BEGIN Provided data

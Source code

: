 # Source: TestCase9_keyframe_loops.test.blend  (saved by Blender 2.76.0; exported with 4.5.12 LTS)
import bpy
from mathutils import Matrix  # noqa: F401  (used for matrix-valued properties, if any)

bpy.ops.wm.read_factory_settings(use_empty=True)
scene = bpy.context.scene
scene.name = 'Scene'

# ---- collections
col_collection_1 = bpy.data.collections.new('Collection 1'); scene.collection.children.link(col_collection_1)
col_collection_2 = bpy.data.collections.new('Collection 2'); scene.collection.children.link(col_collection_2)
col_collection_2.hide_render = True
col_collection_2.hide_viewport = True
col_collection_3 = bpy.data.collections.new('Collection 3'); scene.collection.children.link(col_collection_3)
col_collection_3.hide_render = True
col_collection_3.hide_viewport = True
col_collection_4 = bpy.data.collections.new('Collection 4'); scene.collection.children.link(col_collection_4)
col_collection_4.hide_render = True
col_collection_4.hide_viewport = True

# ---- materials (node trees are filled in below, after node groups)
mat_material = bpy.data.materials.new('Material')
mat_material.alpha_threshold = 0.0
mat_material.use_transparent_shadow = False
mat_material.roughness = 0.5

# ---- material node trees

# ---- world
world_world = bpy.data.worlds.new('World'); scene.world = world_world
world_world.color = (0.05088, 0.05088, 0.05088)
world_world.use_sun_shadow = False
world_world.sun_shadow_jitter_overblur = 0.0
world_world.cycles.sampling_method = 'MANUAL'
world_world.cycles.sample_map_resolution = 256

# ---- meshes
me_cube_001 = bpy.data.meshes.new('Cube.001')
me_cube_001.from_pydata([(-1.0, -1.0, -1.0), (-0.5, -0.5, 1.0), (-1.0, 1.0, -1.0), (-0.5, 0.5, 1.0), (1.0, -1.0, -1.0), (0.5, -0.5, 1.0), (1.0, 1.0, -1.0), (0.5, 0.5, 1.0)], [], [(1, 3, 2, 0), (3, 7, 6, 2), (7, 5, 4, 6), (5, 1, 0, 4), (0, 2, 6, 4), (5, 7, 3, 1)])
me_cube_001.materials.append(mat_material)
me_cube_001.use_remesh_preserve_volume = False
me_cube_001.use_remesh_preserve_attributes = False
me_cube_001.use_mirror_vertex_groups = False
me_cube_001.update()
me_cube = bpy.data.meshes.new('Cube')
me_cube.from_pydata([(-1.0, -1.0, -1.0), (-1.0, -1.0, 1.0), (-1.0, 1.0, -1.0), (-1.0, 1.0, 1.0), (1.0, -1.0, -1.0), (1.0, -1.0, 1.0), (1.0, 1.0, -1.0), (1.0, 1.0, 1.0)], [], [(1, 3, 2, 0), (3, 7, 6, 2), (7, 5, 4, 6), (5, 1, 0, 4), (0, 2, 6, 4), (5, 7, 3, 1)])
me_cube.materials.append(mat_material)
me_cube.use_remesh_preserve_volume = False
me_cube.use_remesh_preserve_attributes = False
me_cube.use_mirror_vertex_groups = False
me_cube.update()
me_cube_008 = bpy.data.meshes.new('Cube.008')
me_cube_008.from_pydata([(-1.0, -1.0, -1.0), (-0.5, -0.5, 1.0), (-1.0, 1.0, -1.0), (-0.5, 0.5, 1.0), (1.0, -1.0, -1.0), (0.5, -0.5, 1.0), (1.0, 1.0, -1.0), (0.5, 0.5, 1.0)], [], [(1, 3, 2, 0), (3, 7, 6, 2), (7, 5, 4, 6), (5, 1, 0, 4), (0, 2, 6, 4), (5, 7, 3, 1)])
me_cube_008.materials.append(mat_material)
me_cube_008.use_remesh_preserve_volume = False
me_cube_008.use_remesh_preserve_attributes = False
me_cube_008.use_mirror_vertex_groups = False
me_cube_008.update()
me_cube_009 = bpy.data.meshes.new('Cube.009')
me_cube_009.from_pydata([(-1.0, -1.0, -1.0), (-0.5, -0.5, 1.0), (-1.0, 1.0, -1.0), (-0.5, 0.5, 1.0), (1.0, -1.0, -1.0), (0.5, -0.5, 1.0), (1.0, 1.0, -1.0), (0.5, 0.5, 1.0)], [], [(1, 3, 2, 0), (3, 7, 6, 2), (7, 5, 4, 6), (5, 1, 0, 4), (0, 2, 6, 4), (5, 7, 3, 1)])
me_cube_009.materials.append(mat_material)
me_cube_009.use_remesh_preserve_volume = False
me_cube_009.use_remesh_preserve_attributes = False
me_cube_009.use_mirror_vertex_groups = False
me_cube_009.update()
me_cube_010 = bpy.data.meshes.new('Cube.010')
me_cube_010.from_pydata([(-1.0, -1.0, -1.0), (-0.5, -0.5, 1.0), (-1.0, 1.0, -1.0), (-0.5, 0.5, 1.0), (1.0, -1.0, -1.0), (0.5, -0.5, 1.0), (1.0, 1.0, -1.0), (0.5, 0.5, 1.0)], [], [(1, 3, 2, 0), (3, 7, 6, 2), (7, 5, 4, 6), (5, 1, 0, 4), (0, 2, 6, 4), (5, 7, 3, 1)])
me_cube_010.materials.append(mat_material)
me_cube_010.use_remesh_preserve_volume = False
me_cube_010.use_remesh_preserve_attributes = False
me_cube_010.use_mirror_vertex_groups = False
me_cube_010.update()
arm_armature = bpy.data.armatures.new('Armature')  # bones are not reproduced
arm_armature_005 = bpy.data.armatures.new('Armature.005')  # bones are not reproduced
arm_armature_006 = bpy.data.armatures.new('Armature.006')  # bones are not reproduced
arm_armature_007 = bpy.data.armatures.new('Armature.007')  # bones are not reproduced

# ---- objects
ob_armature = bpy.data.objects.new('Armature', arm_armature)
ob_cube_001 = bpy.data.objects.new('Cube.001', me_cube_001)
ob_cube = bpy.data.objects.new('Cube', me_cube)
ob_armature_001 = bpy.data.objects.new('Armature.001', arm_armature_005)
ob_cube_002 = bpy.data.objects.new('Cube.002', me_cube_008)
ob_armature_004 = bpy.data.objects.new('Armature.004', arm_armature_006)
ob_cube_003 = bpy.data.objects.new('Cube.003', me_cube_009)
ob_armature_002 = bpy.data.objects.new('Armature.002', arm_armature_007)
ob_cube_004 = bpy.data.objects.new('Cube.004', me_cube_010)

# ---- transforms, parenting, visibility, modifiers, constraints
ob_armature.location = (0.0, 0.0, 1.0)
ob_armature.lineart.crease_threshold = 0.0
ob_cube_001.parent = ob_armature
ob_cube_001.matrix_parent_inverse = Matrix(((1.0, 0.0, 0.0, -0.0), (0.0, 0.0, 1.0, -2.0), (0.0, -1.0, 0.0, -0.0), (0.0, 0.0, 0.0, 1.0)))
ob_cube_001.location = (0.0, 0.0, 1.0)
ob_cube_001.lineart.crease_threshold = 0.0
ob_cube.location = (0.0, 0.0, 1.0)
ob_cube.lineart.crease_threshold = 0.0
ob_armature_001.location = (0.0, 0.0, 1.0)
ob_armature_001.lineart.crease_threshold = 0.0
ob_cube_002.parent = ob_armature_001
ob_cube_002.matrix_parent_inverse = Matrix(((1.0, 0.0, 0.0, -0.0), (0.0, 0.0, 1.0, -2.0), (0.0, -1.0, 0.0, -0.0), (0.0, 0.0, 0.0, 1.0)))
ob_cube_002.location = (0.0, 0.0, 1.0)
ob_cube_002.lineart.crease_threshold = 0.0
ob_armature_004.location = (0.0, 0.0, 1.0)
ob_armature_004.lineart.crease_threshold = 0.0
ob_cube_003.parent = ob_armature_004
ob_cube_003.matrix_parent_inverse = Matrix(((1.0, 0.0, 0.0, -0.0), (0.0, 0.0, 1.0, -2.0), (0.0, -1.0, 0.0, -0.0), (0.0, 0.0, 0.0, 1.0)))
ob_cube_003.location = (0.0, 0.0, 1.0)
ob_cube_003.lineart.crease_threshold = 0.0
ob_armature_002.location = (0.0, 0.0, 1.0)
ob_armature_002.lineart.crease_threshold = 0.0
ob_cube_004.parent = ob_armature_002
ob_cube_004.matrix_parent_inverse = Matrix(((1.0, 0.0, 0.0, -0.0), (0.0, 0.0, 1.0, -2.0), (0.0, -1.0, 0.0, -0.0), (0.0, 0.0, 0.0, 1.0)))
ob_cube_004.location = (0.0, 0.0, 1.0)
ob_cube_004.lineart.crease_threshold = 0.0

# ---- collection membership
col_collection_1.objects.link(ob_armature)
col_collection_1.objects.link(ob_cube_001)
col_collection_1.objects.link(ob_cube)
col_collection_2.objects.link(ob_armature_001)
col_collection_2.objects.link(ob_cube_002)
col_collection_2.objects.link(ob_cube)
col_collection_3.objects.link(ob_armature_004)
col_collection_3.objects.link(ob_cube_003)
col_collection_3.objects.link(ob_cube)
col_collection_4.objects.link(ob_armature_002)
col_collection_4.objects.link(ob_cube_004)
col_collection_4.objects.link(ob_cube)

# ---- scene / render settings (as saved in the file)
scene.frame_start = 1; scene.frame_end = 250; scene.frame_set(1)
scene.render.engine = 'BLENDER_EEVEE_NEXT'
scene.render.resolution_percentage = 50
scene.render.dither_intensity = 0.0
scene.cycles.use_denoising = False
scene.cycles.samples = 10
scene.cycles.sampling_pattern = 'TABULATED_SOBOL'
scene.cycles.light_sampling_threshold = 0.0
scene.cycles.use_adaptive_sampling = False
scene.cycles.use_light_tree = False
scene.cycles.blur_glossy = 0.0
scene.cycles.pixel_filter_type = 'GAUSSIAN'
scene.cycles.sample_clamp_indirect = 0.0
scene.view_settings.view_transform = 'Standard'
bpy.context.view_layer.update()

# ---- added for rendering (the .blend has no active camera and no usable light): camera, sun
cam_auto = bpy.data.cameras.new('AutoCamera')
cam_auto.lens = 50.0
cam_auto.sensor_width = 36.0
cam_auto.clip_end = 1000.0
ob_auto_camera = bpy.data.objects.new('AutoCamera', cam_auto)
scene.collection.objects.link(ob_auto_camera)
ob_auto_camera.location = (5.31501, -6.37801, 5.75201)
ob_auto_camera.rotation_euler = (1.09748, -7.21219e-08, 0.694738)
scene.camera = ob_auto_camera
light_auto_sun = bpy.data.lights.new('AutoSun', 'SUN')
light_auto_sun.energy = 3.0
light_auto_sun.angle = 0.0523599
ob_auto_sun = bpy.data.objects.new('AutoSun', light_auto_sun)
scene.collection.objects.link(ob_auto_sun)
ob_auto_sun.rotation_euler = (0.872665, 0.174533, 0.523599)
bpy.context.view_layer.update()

END Provided data

### What the task asks:
Of all the entries above, output exactly the lines between the one holding "# ---- meshes" and the one holding "me_cube_009.update()", inclusive.

### Result for this task:
# ---- meshes
me_cube_001 = bpy.data.meshes.new('Cube.001')
me_cube_001.from_pydata([(-1.0, -1.0, -1.0), (-0.5, -0.5, 1.0), (-1.0, 1.0, -1.0), (-0.5, 0.5, 1.0), (1.0, -1.0, -1.0), (0.5, -0.5, 1.0), (1.0, 1.0, -1.0), (0.5, 0.5, 1.0)], [], [(1, 3, 2, 0), (3, 7, 6, 2), (7, 5, 4, 6), (5, 1, 0, 4), (0, 2, 6, 4), (5, 7, 3, 1)])
me_cube_001.materials.append(mat_material)
me_cube_001.use_remesh_preserve_volume = False
me_cube_001.use_remesh_preserve_attributes = False
me_cube_001.use_mirror_vertex_groups = False
me_cube_001.update()
me_cube = bpy.data.meshes.new('Cube')
me_cube.from_pydata([(-1.0, -1.0, -1.0), (-1.0, -1.0, 1.0), (-1.0, 1.0, -1.0), (-1.0, 1.0, 1.0), (1.0, -1.0, -1.0), (1.0, -1.0, 1.0), (1.0, 1.0, -1.0), (1.0, 1.0, 1.0)], [], [(1, 3, 2, 0), (3, 7, 6, 2), (7, 5, 4, 6), (5, 1, 0, 4), (0, 2, 6, 4), (5, 7, 3, 1)])
me_cube.materials.append(mat_material)
me_cube.use_remesh_preserve_volume = False
me_cube.use_remesh_preserve_attributes = False
me_cube.use_mirror_vertex_groups = False
me_cube.update()
me_cube_008 = bpy.data.meshes.new('Cube.008')
me_cube_008.from_pydata([(-1.0, -1.0, -1.0), (-0.5, -0.5, 1.0), (-1.0, 1.0, -1.0), (-0.5, 0.5, 1.0), (1.0, -1.0, -1.0), (0.5, -0.5, 1.0), (1.0, 1.0, -1.0), (0.5, 0.5, 1.0)], [], [(1, 3, 2, 0), (3, 7, 6, 2), (7, 5, 4, 6), (5, 1, 0, 4), (0, 2, 6, 4), (5, 7, 3, 1)])
me_cube_008.materials.append(mat_material)
me_cube_008.use_remesh_preserve_volume = False
me_cube_008.use_remesh_preserve_attributes = False
me_cube_008.use_mirror_vertex_groups = False
me_cube_008.update()
me_cube_009 = bpy.data.meshes.new('Cube.009')
me_cube_009.from_pydata([(-1.0, -1.0, -1.0), (-0.5, -0.5, 1.0), (-1.0, 1.0, -1.0), (-0.5, 0.5, 1.0), (1.0, -1.0, -1.0), (0.5, -0.5, 1.0), (1.0, 1.0, -1.0), (0.5, 0.5, 1.0)], [], [(1, 3, 2, 0), (3, 7, 6, 2), (7, 5, 4, 6), (5, 1, 0, 4), (0, 2, 6, 4), (5, 7, 3, 1)])
me_cube_009.materials.append(mat_material)
me_cube_009.use_remesh_preserve_volume = False
me_cube_009.use_remesh_preserve_attributes = False
me_cube_009.use_mirror_vertex_groups = False
me_cube_009.update()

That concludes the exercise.